As a fairy tale, I don’t care much about Rapunzel. However, she indeed deserved as picture of her own after the Pixar film Sherk the Third relegated her to a sidekick to the evil Prince Charming, and also alleged that her fabled long hair was just a wig.

Compared to the cockiness of the Sherk films, Tangled is indeed sweet, in a classical Disney way. There is nothing that you haven’t seen before, but the screenplay, that moves at a breakneck speed, does wonder in maintaining the suspense till the last moment. Add to that Mandy Moore’s marvellous voice performance!

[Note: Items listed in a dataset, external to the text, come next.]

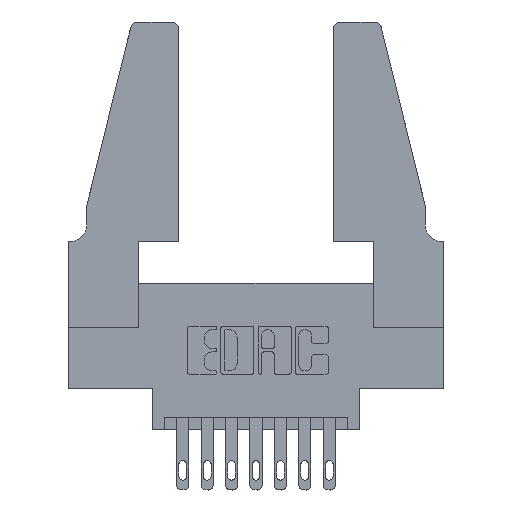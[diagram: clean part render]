
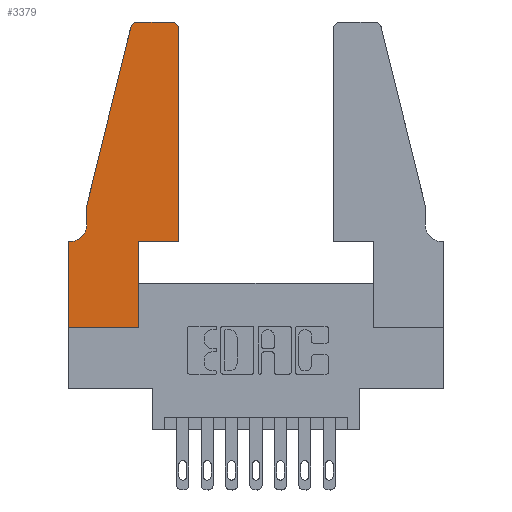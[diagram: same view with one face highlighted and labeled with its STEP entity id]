
A CAD part, top view. The second image highlights one B-rep face of the part: STEP entity #3379.
In plain terms, the highlighted planar face has unit normal (0, 0, 1).
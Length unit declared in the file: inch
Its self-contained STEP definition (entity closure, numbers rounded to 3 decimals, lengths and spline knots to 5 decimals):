
#151 = DIRECTION ( 'NONE',  ( 0., 1., 0. ) ) ;
#263 = DIRECTION ( 'NONE',  ( 0., -1., 0. ) ) ;
#394 = VECTOR ( 'NONE', #263, 39.37008 ) ;
#399 = CARTESIAN_POINT ( 'NONE',  ( 0.0055, 0.42, 0.37 ) ) ;
#408 = DIRECTION ( 'NONE',  ( 1., 0., 0. ) ) ;
#627 = VERTEX_POINT ( 'NONE', #6410 ) ;
#666 = ORIENTED_EDGE ( 'NONE', *, *, #2620, .T. ) ;
#720 = ORIENTED_EDGE ( 'NONE', *, *, #2877, .T. ) ;
#844 = LINE ( 'NONE', #12248, #8584 ) ;
#960 = VERTEX_POINT ( 'NONE', #8998 ) ;
#1277 = EDGE_CURVE ( 'NONE', #9759, #10800, #11972, .T. ) ;
#1378 = CIRCLE ( 'NONE', #9763, 0.03 ) ;
#1559 = DIRECTION ( 'NONE',  ( 0., 0., 1. ) ) ;
#1564 = VERTEX_POINT ( 'NONE', #7573 ) ;
#1573 = LINE ( 'NONE', #2717, #11346 ) ;
#2007 = EDGE_CURVE ( 'NONE', #4205, #9759, #9838, .T. ) ;
#2132 = CARTESIAN_POINT ( 'NONE',  ( 0.0755, 0.5, 0.37 ) ) ;
#2360 = DIRECTION ( 'NONE',  ( -1., 0., 0. ) ) ;
#2440 = CARTESIAN_POINT ( 'NONE',  ( 0.4505, 0.35, 0.37 ) ) ;
#2479 = EDGE_LOOP ( 'NONE', ( #9526, #11867, #720, #11897, #666, #7391, #10281, #10313, #12401, #6787, #3564, #7150 ) ) ;
#2620 = EDGE_CURVE ( 'NONE', #11312, #627, #8734, .T. ) ;
#2667 = EDGE_CURVE ( 'NONE', #7361, #6840, #6149, .T. ) ;
#2685 = CARTESIAN_POINT ( 'NONE',  ( 0.2865, 0.35, 0.37 ) ) ;
#2717 = CARTESIAN_POINT ( 'NONE',  ( 0., 0., 0.37 ) ) ;
#2877 = EDGE_CURVE ( 'NONE', #11779, #3362, #3349, .T. ) ;
#2882 = EDGE_CURVE ( 'NONE', #6840, #4205, #844, .T. ) ;
#3102 = DIRECTION ( 'NONE',  ( -0.239, -0.971, 0. ) ) ;
#3179 = CARTESIAN_POINT ( 'NONE',  ( 0.284, 1.22, 0.37 ) ) ;
#3225 = EDGE_CURVE ( 'NONE', #960, #1564, #1573, .T. ) ;
#3349 = LINE ( 'NONE', #2132, #10439 ) ;
#3362 = VERTEX_POINT ( 'NONE', #5424 ) ;
#3379 = ADVANCED_FACE ( 'NONE', ( #6712 ), #8198, .T. ) ;
#3395 = DIRECTION ( 'NONE',  ( 1., 0., 0. ) ) ;
#3564 = ORIENTED_EDGE ( 'NONE', *, *, #2882, .T. ) ;
#3666 = VECTOR ( 'NONE', #12202, 39.37008 ) ;
#3758 = LINE ( 'NONE', #6858, #8691 ) ;
#3938 = EDGE_CURVE ( 'NONE', #1564, #10353, #3758, .T. ) ;
#4205 = VERTEX_POINT ( 'NONE', #11463 ) ;
#4459 = DIRECTION ( 'NONE',  ( 1., 0., 0. ) ) ;
#4490 = EDGE_CURVE ( 'NONE', #10800, #11779, #1378, .T. ) ;
#4528 = AXIS2_PLACEMENT_3D ( 'NONE', #11253, #5376, #4459 ) ;
#4982 = CARTESIAN_POINT ( 'NONE',  ( 0.4505, 0.35, 0.37 ) ) ;
#5376 = DIRECTION ( 'NONE',  ( 0., 0., 1. ) ) ;
#5398 = AXIS2_PLACEMENT_3D ( 'NONE', #399, #10962, #2360 ) ;
#5424 = CARTESIAN_POINT ( 'NONE',  ( 0.0755, 0.5, 0.37 ) ) ;
#6149 = LINE ( 'NONE', #4982, #10115 ) ;
#6180 = LINE ( 'NONE', #8778, #394 ) ;
#6309 = DIRECTION ( 'NONE',  ( 1., 0., 0. ) ) ;
#6410 = CARTESIAN_POINT ( 'NONE',  ( 0.0055, 0.35, 0.37 ) ) ;
#6712 = FACE_OUTER_BOUND ( 'NONE', #2479, .T. ) ;
#6787 = ORIENTED_EDGE ( 'NONE', *, *, #2667, .T. ) ;
#6840 = VERTEX_POINT ( 'NONE', #2440 ) ;
#6858 = CARTESIAN_POINT ( 'NONE',  ( 0., 0., 0.37 ) ) ;
#7019 = EDGE_CURVE ( 'NONE', #10353, #7361, #9715, .T. ) ;
#7150 = ORIENTED_EDGE ( 'NONE', *, *, #2007, .T. ) ;
#7361 = VERTEX_POINT ( 'NONE', #9119 ) ;
#7391 = ORIENTED_EDGE ( 'NONE', *, *, #8482, .T. ) ;
#7534 = CARTESIAN_POINT ( 'NONE',  ( 0.284, 1.25, 0.37 ) ) ;
#7573 = CARTESIAN_POINT ( 'NONE',  ( 0., 0., 0.37 ) ) ;
#7779 = DIRECTION ( 'NONE',  ( 1., 0., 0. ) ) ;
#7996 = EDGE_CURVE ( 'NONE', #3362, #11312, #6180, .T. ) ;
#8040 = CARTESIAN_POINT ( 'NONE',  ( 0.0755, 0.42, 0.37 ) ) ;
#8079 = CARTESIAN_POINT ( 'NONE',  ( 0.2865, 0., 0.37 ) ) ;
#8115 = CARTESIAN_POINT ( 'NONE',  ( 0.25487, 1.22718, 0.37 ) ) ;
#8198 = PLANE ( 'NONE',  #4528 ) ;
#8295 = VECTOR ( 'NONE', #12144, 39.37008 ) ;
#8482 = EDGE_CURVE ( 'NONE', #627, #960, #12272, .T. ) ;
#8584 = VECTOR ( 'NONE', #151, 39.37008 ) ;
#8691 = VECTOR ( 'NONE', #408, 39.37008 ) ;
#8734 = CIRCLE ( 'NONE', #5398, 0.07 ) ;
#8778 = CARTESIAN_POINT ( 'NONE',  ( 0.0755, 0.5, 0.37 ) ) ;
#8795 = CARTESIAN_POINT ( 'NONE',  ( 0.4205, 1.25, 0.37 ) ) ;
#8998 = CARTESIAN_POINT ( 'NONE',  ( 0., 0.35, 0.37 ) ) ;
#9119 = CARTESIAN_POINT ( 'NONE',  ( 0.2865, 0.35, 0.37 ) ) ;
#9526 = ORIENTED_EDGE ( 'NONE', *, *, #1277, .T. ) ;
#9715 = LINE ( 'NONE', #2685, #11252 ) ;
#9759 = VERTEX_POINT ( 'NONE', #8795 ) ;
#9763 = AXIS2_PLACEMENT_3D ( 'NONE', #3179, #9781, #3395 ) ;
#9781 = DIRECTION ( 'NONE',  ( 0., 0., 1. ) ) ;
#9838 = CIRCLE ( 'NONE', #11766, 0.03 ) ;
#10115 = VECTOR ( 'NONE', #7779, 39.37008 ) ;
#10281 = ORIENTED_EDGE ( 'NONE', *, *, #3225, .T. ) ;
#10286 = CARTESIAN_POINT ( 'NONE',  ( 0.0755, 0.35, 0.37 ) ) ;
#10313 = ORIENTED_EDGE ( 'NONE', *, *, #3938, .T. ) ;
#10353 = VERTEX_POINT ( 'NONE', #8079 ) ;
#10439 = VECTOR ( 'NONE', #3102, 39.37008 ) ;
#10800 = VERTEX_POINT ( 'NONE', #7534 ) ;
#10962 = DIRECTION ( 'NONE',  ( 0., 0., -1. ) ) ;
#11252 = VECTOR ( 'NONE', #12403, 39.37008 ) ;
#11253 = CARTESIAN_POINT ( 'NONE',  ( 0., 0.35, 0.37 ) ) ;
#11312 = VERTEX_POINT ( 'NONE', #8040 ) ;
#11346 = VECTOR ( 'NONE', #12383, 39.37008 ) ;
#11463 = CARTESIAN_POINT ( 'NONE',  ( 0.4505, 1.22, 0.37 ) ) ;
#11766 = AXIS2_PLACEMENT_3D ( 'NONE', #12145, #1559, #6309 ) ;
#11779 = VERTEX_POINT ( 'NONE', #8115 ) ;
#11867 = ORIENTED_EDGE ( 'NONE', *, *, #4490, .T. ) ;
#11897 = ORIENTED_EDGE ( 'NONE', *, *, #7996, .T. ) ;
#11972 = LINE ( 'NONE', #12287, #3666 ) ;
#12144 = DIRECTION ( 'NONE',  ( -1., 0., 0. ) ) ;
#12145 = CARTESIAN_POINT ( 'NONE',  ( 0.4205, 1.22, 0.37 ) ) ;
#12202 = DIRECTION ( 'NONE',  ( -1., 0., 0. ) ) ;
#12248 = CARTESIAN_POINT ( 'NONE',  ( 0.4505, 0.35, 0.37 ) ) ;
#12272 = LINE ( 'NONE', #10286, #8295 ) ;
#12287 = CARTESIAN_POINT ( 'NONE',  ( 0.2605, 1.25, 0.37 ) ) ;
#12383 = DIRECTION ( 'NONE',  ( 0., -1., 0. ) ) ;
#12401 = ORIENTED_EDGE ( 'NONE', *, *, #7019, .T. ) ;
#12403 = DIRECTION ( 'NONE',  ( 0., 1., 0. ) ) ;

As we know, after the evil witch learns that the new-born princess’s golden hair has magical properties that can keep her forever young, she steals the baby, and brings her up as her daughter in a tower away from human contact. (The film gives us a new back story why and how Rapunzel’s hair is magical.) At the tower Rapunzel lives with her pet lizard Pascal, and her pain brushes. She paints the picture of the hundred floating lanterns she sees from the window of her tower on the night of her birthday. She grows quite obsessed with these lanterns, and wants to see them in person at the place of their origin on her 18th birthday (which she finally does in a brilliantly drawn sequence, which is worth the price of the film). But her ‘mother’ won’t hear about it. As she resigns in despair, comes along the mandatory prince charming, only that he is no prince charming, but a petty thief. You know what happens next. Now, it’s not exactly like the fairy tale, and that’s why it’s more fun, isn’t it?

But the journey Rapunzel embarks upon is fun and worth the ride. What I liked most about the film is that here the animals don’t talk; they are cute, Pascal and a very righteous, crime-fighting horse called Maximus, they make faces and they are concerned about the plight of the human protagonists, but they don’t talk. Thanks God for that.